--- START ---

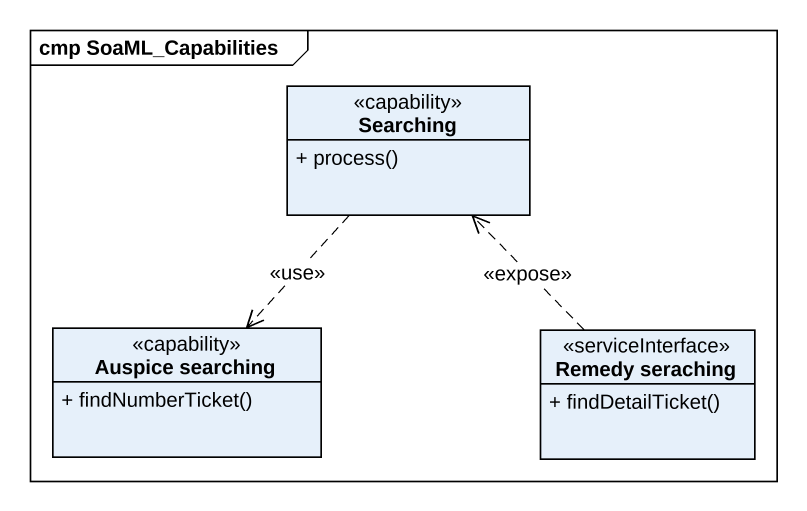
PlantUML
@startuml
mainframe cmp SoaML_Capabilities
hide circle
hide empty members
skinparam classAttributeIconSize 0
class Searching <<capability>> {
  + process()
}
class "Auspice searching" as Auspice_searching <<capability>> {
  + findNumberTicket()
}
class "Remedy seraching" as Remedy_seraching <<serviceInterface>> {
  + findDetailTicket()
}
Searching ..> Auspice_searching : <<use>>
Remedy_seraching .up.> Searching : <<expose>>
@enduml
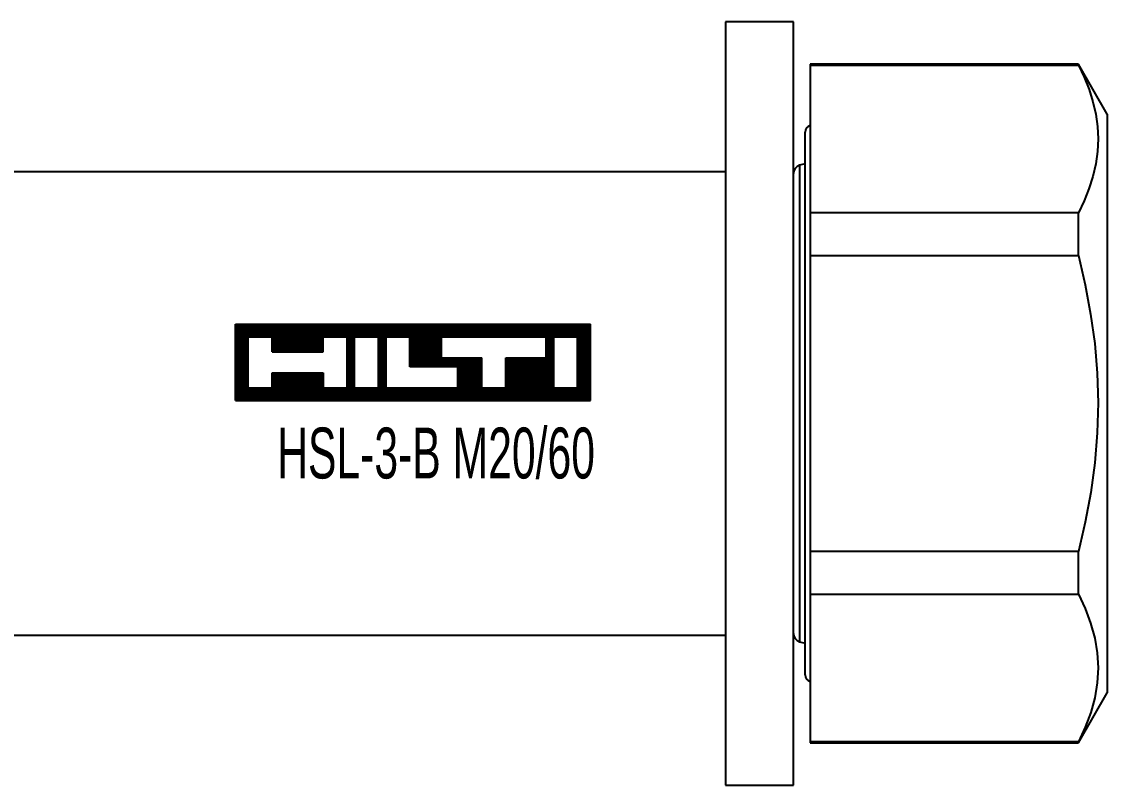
# Model space of a CAD drawing. Header units: millimetres. Extents: x 296 to 4896, y 152 to 3333.
# Drawn here: x 2249.3 to 2313.2, y 1473.7 to 1518.7 of the extents above; entities that cross this region are included whole.
import ezdxf
from ezdxf.enums import TextEntityAlignment as Align

# ---------------------------------------------------------------- set-up
doc = ezdxf.new("R2010")
doc.units = ezdxf.units.MM
doc.linetypes.add('DASHED', pattern=[0.25, 0.15625, -0.09375])
for name, color, linetype in [('1', 1, 'DASHED'), ('10', 1, 'Continuous'), ('3', 4, 'Continuous')]:
    doc.layers.add(name, color=color, linetype=linetype)
doc.styles.get("Standard").update_dxf_attribs({"font": 'arial.ttf'})

# ---------------------------------------------------------------- blocks, each defined once
blk = doc.blocks.new('HSL-3-B M20-60')
at = {"layer": '1', "color": 3, "linetype": 'Continuous'}
for p, q in [((0, 22.5), (-4, 22.5)), ((-4, 22.5), (-4, -22.5)), ((0, -22.5), (0, 22.5)), ((16.8, 20), (1, 20)), ((1, 20), (1, 19.947)), ((1, 19.947), (1, 11.23)), ((1, 19.947), (16.8, 19.947)), ((18.5, 17.056), (16.8, 20)), ((16.8, 19.947), (16.8, 20)), ((18.5, 17.056), (18.5, -17.056)), ((0.7, -16), (0.7, 16)), ((-4, 13.65), (-64, 13.65)), ((1, 11.23), (1, 8.718)), ((16.8, 11.23), (1, 11.23)), ((16.8, 8.718), (16.8, 11.23)), ((1, 8.718), (16.8, 8.718)), ((1, 8.718), (1, -8.718)), ((-28.806, 0.332), (-28.606, 0.332)), ((16.8, -8.718), (1, -8.718)), ((1, -8.718), (1, -11.23)), ((16.8, -11.23), (16.8, -8.718)), ((1, -11.23), (16.8, -11.23)), ((1, -11.23), (1, -19.947)), ((-64, -13.65), (-4, -13.65)), ((16.8, -20), (18.5, -17.056)), ((1, -19.947), (1, -20)), ((16.8, -19.947), (1, -19.947)), ((1, -20), (16.8, -20)), ((16.8, -20), (16.8, -19.947)), ((-4, -22.5), (0, -22.5))]:
    blk.add_line(p, q, dxfattribs=at)
at = {"layer": '1', "color": 30, "linetype": 'Continuous'}
for p, q in [((0.7, 14.125), (0.371, 14.037)), ((0.371, -14.037), (0.7, -14.125))]:
    blk.add_line(p, q, dxfattribs=at)
at = {"layer": '1', "color": 1, "linetype": 'Continuous'}
blk.add_line((0.371, 14.037), (0.371, -14.037), dxfattribs=at)
at = {"layer": '1', "color": 3, "linetype": 'Continuous'}
for points in [[(16.8, 19.947, 0), (17.137, 19.228, 0), (17.423, 18.505, 0), (17.651, 17.78, 0), (17.818, 17.052, 0), (17.92, 16.323, 0), (17.955, 15.59, 0), (17.92, 14.856, 0), (17.817, 14.119, 0), (17.648, 13.385, 0), (17.418, 12.659, 0), (17.134, 11.941, 0), (16.8, 11.23, 0)], [(16.8, 8.718, 0), (17.197, 6.997, 0), (17.519, 5.269, 0), (17.756, 3.533, 0), (17.903, 1.787, 0), (17.955, 0.032, 0), (17.907, -1.734, 0), (17.76, -3.501, 0), (17.521, -5.253, 0), (17.198, -6.992, 0), (16.8, -8.718, 0)], [(-28.806, 0.332, 0), (-28.805, 0.328, 0), (-28.804, 0.325, 0), (-28.801, 0.322, 0), (-28.798, 0.319, 0), (-28.794, 0.316, 0), (-28.789, 0.313, 0), (-28.783, 0.31, 0), (-28.776, 0.308, 0), (-28.769, 0.305, 0), (-28.761, 0.303, 0), (-28.753, 0.302, 0), (-28.744, 0.3, 0), (-28.735, 0.299, 0), (-28.725, 0.298, 0), (-28.716, 0.298, 0), (-28.706, 0.298, 0), (-28.696, 0.298, 0), (-28.686, 0.298, 0), (-28.677, 0.299, 0), (-28.668, 0.3, 0), (-28.659, 0.302, 0), (-28.65, 0.303, 0), (-28.642, 0.305, 0), (-28.635, 0.308, 0), (-28.628, 0.31, 0), (-28.623, 0.313, 0), (-28.618, 0.316, 0), (-28.613, 0.319, 0), (-28.61, 0.322, 0), (-28.608, 0.325, 0), (-28.606, 0.328, 0), (-28.606, 0.332, 0)], [(16.8, -11.23, 0), (17.197, -12.09, 0), (17.519, -12.954, 0), (17.756, -13.822, 0), (17.903, -14.695, 0), (17.955, -15.573, 0), (17.907, -16.455, 0), (17.76, -17.339, 0), (17.521, -18.215, 0), (17.198, -19.084, 0), (16.8, -19.947, 0)]]:
    blk.add_polyline3d(points, dxfattribs=at)
for centre, start, end in [((1.1, 16), 104.47875, 180), ((1.1, -16), 180, 255.52125)]:
    blk.add_arc(centre, 0.4, start, end, dxfattribs=at)
at = {"layer": '1', "color": 30, "linetype": 'Continuous'}
for centre, start, end in [((0.5, 13.554), 105, 180), ((0.5, -13.554), 180, 255)]:
    blk.add_arc(centre, 0.5, start, end, dxfattribs=at)
at = {"layer": '10'}
for p, q in [((-32.872, 0.181), (-32.872, 4.681)), ((-32.872, 4.681), (-11.96, 4.681)), ((-32.831, 4.681), (-32.831, 0.181)), ((-32.756, 0.181), (-32.756, 4.681)), ((-32.681, 4.681), (-32.681, 0.181)), ((-32.606, 0.181), (-32.606, 4.681)), ((-32.531, 4.681), (-32.531, 0.181)), ((-32.456, 0.181), (-32.456, 4.681)), ((-32.381, 4.681), (-32.381, 0.181)), ((-32.306, 0.181), (-32.306, 4.681)), ((-32.231, 4.681), (-32.231, 0.181)), ((-32.156, 0.181), (-32.156, 4.681)), ((-32.081, 4.681), (-32.081, 3.931)), ((-32.006, 3.931), (-32.006, 4.681)), ((-31.931, 4.681), (-31.931, 3.931)), ((-31.856, 3.931), (-31.856, 4.681)), ((-31.781, 4.681), (-31.781, 3.931)), ((-31.706, 3.931), (-31.706, 4.681)), ((-31.631, 4.681), (-31.631, 3.931)), ((-31.556, 3.931), (-31.556, 4.681)), ((-31.481, 4.681), (-31.481, 3.931)), ((-31.406, 3.931), (-31.406, 4.681)), ((-31.331, 4.681), (-31.331, 3.931)), ((-31.256, 3.931), (-31.256, 4.681)), ((-31.181, 4.681), (-31.181, 3.931)), ((-31.106, 3.931), (-31.106, 4.681)), ((-31.031, 4.681), (-31.031, 3.931)), ((-30.956, 3.931), (-30.956, 4.681)), ((-30.881, 4.681), (-30.881, 3.931)), ((-30.806, 3.931), (-30.806, 4.681)), ((-30.731, 4.681), (-30.731, 3.931)), ((-30.656, 3.049), (-30.656, 4.681)), ((-30.581, 4.681), (-30.581, 3.049)), ((-30.506, 3.049), (-30.506, 4.681)), ((-30.431, 4.681), (-30.431, 3.049)), ((-30.356, 3.049), (-30.356, 4.681)), ((-30.281, 4.681), (-30.281, 3.049)), ((-30.206, 3.049), (-30.206, 4.681)), ((-30.131, 4.681), (-30.131, 3.049)), ((-30.056, 3.049), (-30.056, 4.681)), ((-29.981, 4.681), (-29.981, 3.049)), ((-29.906, 3.049), (-29.906, 4.681)), ((-29.831, 4.681), (-29.831, 3.049)), ((-29.756, 3.049), (-29.756, 4.681)), ((-29.681, 4.681), (-29.681, 3.049)), ((-29.606, 3.049), (-29.606, 4.681)), ((-29.531, 4.681), (-29.531, 3.049)), ((-29.456, 3.049), (-29.456, 4.681)), ((-29.381, 4.681), (-29.381, 3.049)), ((-29.306, 3.049), (-29.306, 4.681)), ((-29.231, 4.681), (-29.231, 3.049)), ((-29.156, 3.049), (-29.156, 4.681)), ((-29.081, 4.681), (-29.081, 3.049)), ((-29.006, 3.049), (-29.006, 4.681)), ((-28.931, 4.681), (-28.931, 3.049)), ((-28.856, 3.049), (-28.856, 4.681)), ((-28.781, 4.681), (-28.781, 3.049)), ((-28.706, 3.049), (-28.706, 4.681)), ((-28.631, 4.681), (-28.631, 3.049)), ((-28.556, 3.049), (-28.556, 4.681)), ((-28.481, 4.681), (-28.481, 3.049)), ((-28.406, 3.049), (-28.406, 4.681)), ((-28.331, 4.681), (-28.331, 3.049)), ((-28.256, 3.049), (-28.256, 4.681)), ((-28.181, 4.681), (-28.181, 3.049)), ((-28.106, 3.049), (-28.106, 4.681)), ((-28.031, 4.681), (-28.031, 3.049)), ((-27.956, 3.049), (-27.956, 4.681)), ((-27.881, 4.681), (-27.881, 3.049)), ((-27.806, 3.049), (-27.806, 4.681)), ((-27.731, 4.681), (-27.731, 3.049)), ((-27.656, 3.931), (-27.656, 4.681)), ((-27.581, 4.681), (-27.581, 3.931)), ((-27.506, 3.931), (-27.506, 4.681)), ((-27.431, 4.681), (-27.431, 3.931)), ((-27.356, 3.931), (-27.356, 4.681)), ((-27.281, 4.681), (-27.281, 3.931)), ((-27.206, 3.931), (-27.206, 4.681)), ((-27.131, 4.681), (-27.131, 3.931)), ((-27.056, 3.931), (-27.056, 4.681)), ((-26.981, 4.681), (-26.981, 3.931)), ((-26.906, 3.931), (-26.906, 4.681)), ((-26.831, 4.681), (-26.831, 3.931)), ((-26.756, 3.931), (-26.756, 4.681)), ((-26.681, 4.681), (-26.681, 3.931)), ((-26.606, 3.931), (-26.606, 4.681)), ((-26.531, 4.681), (-26.531, 3.931)), ((-26.456, 3.931), (-26.456, 4.681)), ((-26.381, 4.681), (-26.381, 3.931)), ((-26.306, 3.931), (-26.306, 4.681)), ((-26.231, 4.681), (-26.231, 0.181)), ((-26.156, 0.181), (-26.156, 4.681)), ((-26.081, 4.681), (-26.081, 0.181)), ((-26.006, 0.181), (-26.006, 4.681)), ((-25.931, 4.681), (-25.931, 0.181)), ((-25.856, 3.931), (-25.856, 4.681)), ((-25.781, 4.681), (-25.781, 3.931)), ((-25.706, 3.931), (-25.706, 4.681)), ((-25.631, 4.681), (-25.631, 3.931)), ((-25.556, 3.931), (-25.556, 4.681)), ((-25.481, 4.681), (-25.481, 3.931)), ((-25.406, 3.931), (-25.406, 4.681)), ((-25.331, 4.681), (-25.331, 3.931)), ((-25.256, 3.931), (-25.256, 4.681)), ((-25.181, 4.681), (-25.181, 3.931)), ((-25.106, 3.931), (-25.106, 4.681)), ((-25.031, 4.681), (-25.031, 3.931)), ((-24.956, 3.931), (-24.956, 4.681)), ((-24.881, 4.681), (-24.881, 3.931)), ((-24.806, 3.931), (-24.806, 4.681)), ((-24.731, 4.681), (-24.731, 3.931)), ((-24.656, 3.931), (-24.656, 4.681)), ((-24.581, 4.681), (-24.581, 3.931)), ((-24.506, 3.931), (-24.506, 4.681)), ((-24.431, 4.681), (-24.431, 0.181)), ((-24.356, 0.181), (-24.356, 4.681)), ((-24.281, 4.681), (-24.281, 0.181)), ((-24.206, 0.181), (-24.206, 4.681)), ((-24.131, 4.681), (-24.131, 0.181)), ((-24.056, 0.181), (-24.056, 4.681)), ((-23.981, 4.681), (-23.981, 3.931)), ((-23.906, 3.931), (-23.906, 4.681)), ((-23.831, 4.681), (-23.831, 3.931)), ((-23.756, 3.931), (-23.756, 4.681)), ((-23.681, 4.681), (-23.681, 3.931)), ((-23.606, 3.931), (-23.606, 4.681)), ((-23.531, 4.681), (-23.531, 3.931)), ((-23.456, 3.931), (-23.456, 4.681)), ((-23.381, 4.681), (-23.381, 3.931)), ((-23.306, 3.931), (-23.306, 4.681)), ((-23.231, 4.681), (-23.231, 3.931)), ((-23.156, 3.931), (-23.156, 4.681)), ((-23.081, 4.681), (-23.081, 3.931)), ((-23.006, 3.931), (-23.006, 4.681)), ((-22.931, 4.681), (-22.931, 3.931)), ((-22.856, 3.931), (-22.856, 4.681)), ((-22.781, 4.681), (-22.781, 3.931)), ((-22.706, 3.931), (-22.706, 4.681)), ((-22.631, 4.681), (-22.631, 3.931)), ((-22.556, 2.167), (-22.556, 4.681)), ((-22.481, 4.681), (-22.481, 2.167)), ((-22.406, 2.167), (-22.406, 4.681)), ((-22.331, 4.681), (-22.331, 2.167)), ((-22.256, 2.167), (-22.256, 4.681)), ((-22.181, 4.681), (-22.181, 2.167)), ((-22.106, 2.167), (-22.106, 4.681)), ((-22.031, 4.681), (-22.031, 2.167)), ((-21.956, 2.167), (-21.956, 4.681)), ((-21.881, 4.681), (-21.881, 2.167)), ((-21.806, 2.167), (-21.806, 4.681)), ((-21.731, 4.681), (-21.731, 2.167)), ((-21.656, 2.167), (-21.656, 4.681)), ((-21.581, 4.681), (-21.581, 2.167)), ((-21.506, 2.167), (-21.506, 4.681)), ((-21.431, 4.681), (-21.431, 2.167)), ((-21.356, 2.167), (-21.356, 4.681)), ((-21.281, 4.681), (-21.281, 2.167)), ((-21.206, 2.167), (-21.206, 4.681)), ((-21.131, 4.681), (-21.131, 2.167)), ((-21.056, 2.167), (-21.056, 4.681)), ((-20.981, 4.681), (-20.981, 2.167)), ((-20.906, 2.167), (-20.906, 4.681)), ((-20.831, 4.681), (-20.831, 2.167)), ((-20.756, 2.167), (-20.756, 4.681)), ((-20.681, 4.681), (-20.681, 3.931)), ((-20.606, 3.931), (-20.606, 4.681)), ((-20.531, 4.681), (-20.531, 3.931)), ((-20.456, 3.931), (-20.456, 4.681)), ((-20.381, 4.681), (-20.381, 3.931)), ((-20.306, 3.931), (-20.306, 4.681)), ((-20.231, 4.681), (-20.231, 3.931)), ((-20.156, 3.931), (-20.156, 4.681)), ((-20.081, 4.681), (-20.081, 3.931)), ((-20.006, 3.931), (-20.006, 4.681)), ((-19.931, 4.681), (-19.931, 3.931)), ((-19.856, 3.931), (-19.856, 4.681)), ((-19.781, 4.681), (-19.781, 3.931)), ((-19.706, 3.931), (-19.706, 4.681)), ((-19.631, 4.681), (-19.631, 3.931)), ((-19.556, 3.931), (-19.556, 4.681)), ((-19.481, 4.681), (-19.481, 3.931)), ((-19.406, 3.931), (-19.406, 4.681)), ((-19.331, 4.681), (-19.331, 3.931)), ((-19.256, 3.931), (-19.256, 4.681)), ((-19.181, 4.681), (-19.181, 3.931)), ((-19.106, 3.931), (-19.106, 4.681)), ((-19.031, 4.681), (-19.031, 3.931)), ((-18.956, 3.931), (-18.956, 4.681)), ((-18.881, 4.681), (-18.881, 3.931)), ((-18.806, 3.931), (-18.806, 4.681)), ((-18.731, 4.681), (-18.731, 3.931)), ((-18.656, 3.931), (-18.656, 4.681)), ((-18.581, 4.681), (-18.581, 3.931)), ((-18.506, 3.931), (-18.506, 4.681)), ((-18.431, 4.681), (-18.431, 3.931)), ((-18.356, 3.931), (-18.356, 4.681)), ((-18.281, 4.681), (-18.281, 3.931)), ((-18.206, 3.931), (-18.206, 4.681)), ((-18.131, 4.681), (-18.131, 3.931)), ((-18.056, 3.931), (-18.056, 4.681)), ((-17.981, 4.681), (-17.981, 3.931)), ((-17.906, 3.931), (-17.906, 4.681)), ((-17.831, 4.681), (-17.831, 3.931)), ((-17.756, 3.931), (-17.756, 4.681)), ((-17.681, 4.681), (-17.681, 3.931)), ((-17.606, 3.931), (-17.606, 4.681)), ((-17.531, 4.681), (-17.531, 3.931)), ((-17.456, 3.931), (-17.456, 4.681)), ((-17.381, 4.681), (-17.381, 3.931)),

--- END ---

Of all the entries above, how many lines contain the string "centre"? Answer with the number only.

4